Introduction to Programming and C++

Contents Previous Topic Next Topic

Each time that an object is either:

  • passed-by-value to a function,
  • passed as an argument to a newly declared variable of the same type,
  • returned-by-value from a function and assigned to a newly declared variable

a copy of the object being transferred is made.

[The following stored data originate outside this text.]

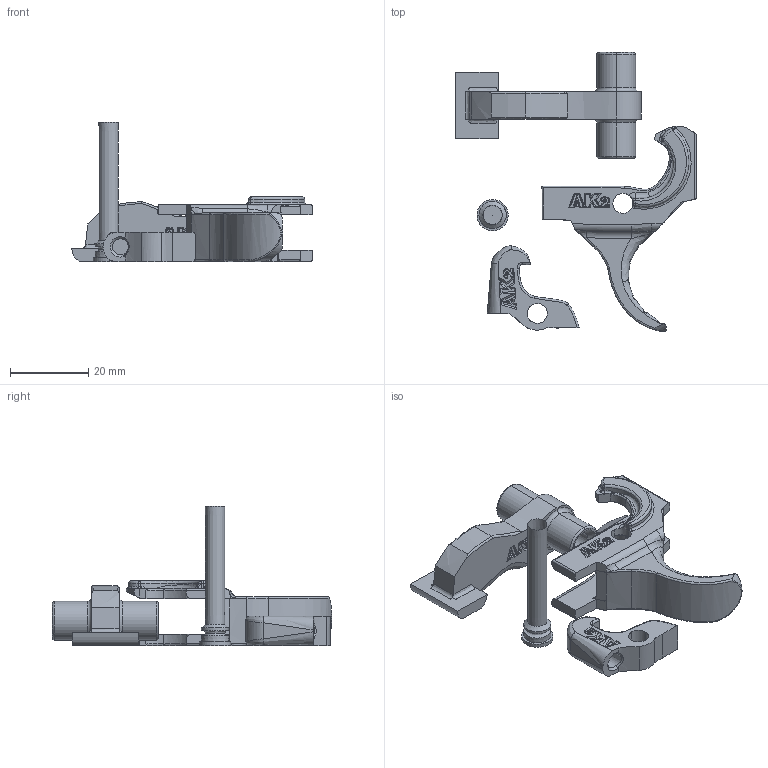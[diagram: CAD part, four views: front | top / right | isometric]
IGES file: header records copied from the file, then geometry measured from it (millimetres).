
Global section: file name: No Iges File Name specified; native system: Autodesk Inventor 2012; preprocessor: AutoDesk Inventor Iges Exporter R2012; author: ohammer; date: 20121007.023921; units: millimetre
Bounding box: 61.5 x 71.24 x 35.58 mm (x, y, z)
Volume: 12556.1 mm3; surface area: 8966.5 mm2
Topology: 4 solids, 4 shells, 503 faces, 1371 edges, 940 vertices
Faces by surface type: plane 245, bspline 194, revolution 23, cylinder 23, cone 7, torus 7, sphere 4

Copying Built-in Data Types

For built-in data types, this is quite obvious:

#include <iostream>
using namespace std;

int incr( int n ) {
	++n;

	return n;
}

int main() {
	int var = 3;

	cout << var << " and " << incr( var ) << endl;

	return 0;
}

First, when var is passed to id, a copy is made. Thus, when n is modified inside of the function incr, the original variable var is left unchanged. Similarly, when the incremented parameter n is returned from incr, a copy is returned.

That a copy of the parameter (or a local variable, for that matter) is returned is important, as after the variable is returned, the local variable/parameter ceases to exists: the compiler may allocate that memory for another function call, or perhaps the OS may reclaim that memory.

Copying Objects

When an object (an instance of a class) is passed- or returned-by-value to or from a function, it, too, is copied in the sense that memory is allocated for a new instance and all of the values of the member variables are copied over to the new instance.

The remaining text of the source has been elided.